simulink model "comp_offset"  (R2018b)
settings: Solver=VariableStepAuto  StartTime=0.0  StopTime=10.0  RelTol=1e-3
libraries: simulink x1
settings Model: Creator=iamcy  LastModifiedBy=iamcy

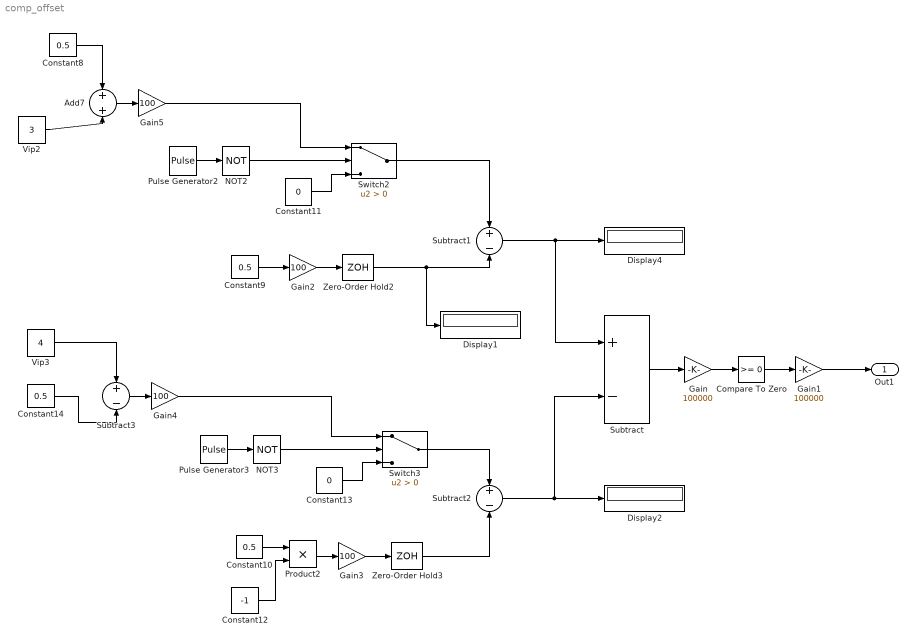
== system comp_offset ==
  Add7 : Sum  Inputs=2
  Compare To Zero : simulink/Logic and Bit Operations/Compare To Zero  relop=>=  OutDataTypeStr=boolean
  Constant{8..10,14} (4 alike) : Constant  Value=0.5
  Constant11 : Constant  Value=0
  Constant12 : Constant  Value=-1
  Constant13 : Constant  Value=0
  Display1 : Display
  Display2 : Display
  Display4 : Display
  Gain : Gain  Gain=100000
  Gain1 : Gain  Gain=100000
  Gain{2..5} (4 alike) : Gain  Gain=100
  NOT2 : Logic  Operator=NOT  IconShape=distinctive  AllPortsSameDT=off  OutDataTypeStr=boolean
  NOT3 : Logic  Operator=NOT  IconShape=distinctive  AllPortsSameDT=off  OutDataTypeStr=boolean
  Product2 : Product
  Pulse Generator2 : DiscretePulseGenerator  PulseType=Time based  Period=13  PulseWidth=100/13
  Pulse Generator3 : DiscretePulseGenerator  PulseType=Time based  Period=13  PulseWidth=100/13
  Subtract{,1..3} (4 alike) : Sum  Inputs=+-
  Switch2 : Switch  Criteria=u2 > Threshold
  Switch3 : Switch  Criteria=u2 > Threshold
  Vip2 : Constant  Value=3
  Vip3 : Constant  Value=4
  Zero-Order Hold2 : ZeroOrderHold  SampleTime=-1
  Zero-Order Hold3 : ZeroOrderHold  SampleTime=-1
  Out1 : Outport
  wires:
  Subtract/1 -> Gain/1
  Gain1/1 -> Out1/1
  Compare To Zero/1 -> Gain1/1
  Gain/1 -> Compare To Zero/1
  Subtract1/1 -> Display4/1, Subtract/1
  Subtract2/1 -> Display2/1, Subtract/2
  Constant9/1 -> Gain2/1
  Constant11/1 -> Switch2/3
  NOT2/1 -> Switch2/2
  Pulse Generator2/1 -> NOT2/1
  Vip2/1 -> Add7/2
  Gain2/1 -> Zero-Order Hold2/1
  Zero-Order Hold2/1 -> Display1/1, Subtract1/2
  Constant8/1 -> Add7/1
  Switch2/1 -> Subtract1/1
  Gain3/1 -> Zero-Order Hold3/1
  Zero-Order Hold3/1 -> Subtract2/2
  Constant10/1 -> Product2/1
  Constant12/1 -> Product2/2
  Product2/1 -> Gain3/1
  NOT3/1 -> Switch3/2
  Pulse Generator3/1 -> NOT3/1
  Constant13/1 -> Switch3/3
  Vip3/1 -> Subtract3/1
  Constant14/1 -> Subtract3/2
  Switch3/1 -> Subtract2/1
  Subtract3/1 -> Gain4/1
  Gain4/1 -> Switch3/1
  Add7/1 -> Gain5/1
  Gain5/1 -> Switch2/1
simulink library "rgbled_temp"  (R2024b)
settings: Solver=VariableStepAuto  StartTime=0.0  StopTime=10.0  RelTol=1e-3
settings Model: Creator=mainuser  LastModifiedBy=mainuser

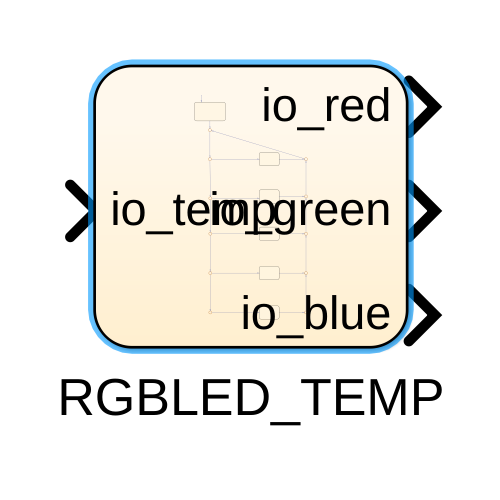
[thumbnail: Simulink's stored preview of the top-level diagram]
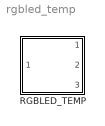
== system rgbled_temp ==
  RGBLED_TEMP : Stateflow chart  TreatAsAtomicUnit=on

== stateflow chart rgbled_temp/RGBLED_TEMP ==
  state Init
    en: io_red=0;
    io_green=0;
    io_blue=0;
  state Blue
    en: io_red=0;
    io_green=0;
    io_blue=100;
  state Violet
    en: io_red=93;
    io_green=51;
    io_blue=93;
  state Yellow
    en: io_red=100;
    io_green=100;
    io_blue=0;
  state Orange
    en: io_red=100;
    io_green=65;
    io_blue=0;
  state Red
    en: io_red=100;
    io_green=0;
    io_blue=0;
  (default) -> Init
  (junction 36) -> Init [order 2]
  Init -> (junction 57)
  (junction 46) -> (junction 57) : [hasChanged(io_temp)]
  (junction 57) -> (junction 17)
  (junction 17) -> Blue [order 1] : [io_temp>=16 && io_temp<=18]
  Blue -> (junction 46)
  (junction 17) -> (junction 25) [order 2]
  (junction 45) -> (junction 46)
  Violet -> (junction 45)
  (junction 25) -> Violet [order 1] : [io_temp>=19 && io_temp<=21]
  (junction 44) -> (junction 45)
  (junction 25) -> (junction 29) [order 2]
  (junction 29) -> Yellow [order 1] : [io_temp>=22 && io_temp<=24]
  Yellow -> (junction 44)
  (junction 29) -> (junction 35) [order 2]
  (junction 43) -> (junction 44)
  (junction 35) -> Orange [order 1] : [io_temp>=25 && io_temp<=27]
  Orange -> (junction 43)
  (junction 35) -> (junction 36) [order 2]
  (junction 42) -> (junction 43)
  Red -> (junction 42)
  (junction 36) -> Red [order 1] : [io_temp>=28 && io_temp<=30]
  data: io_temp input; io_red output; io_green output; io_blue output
+-------+
■ Exercise
Those lines above that contain the string "boolean" should be returned.

■ Finished exercise
  Compare To Zero : simulink/Logic and Bit Operations/Compare To Zero  relop=>=  OutDataTypeStr=boolean
  NOT2 : Logic  Operator=NOT  IconShape=distinctive  AllPortsSameDT=off  OutDataTypeStr=boolean
  NOT3 : Logic  Operator=NOT  IconShape=distinctive  AllPortsSameDT=off  OutDataTypeStr=boolean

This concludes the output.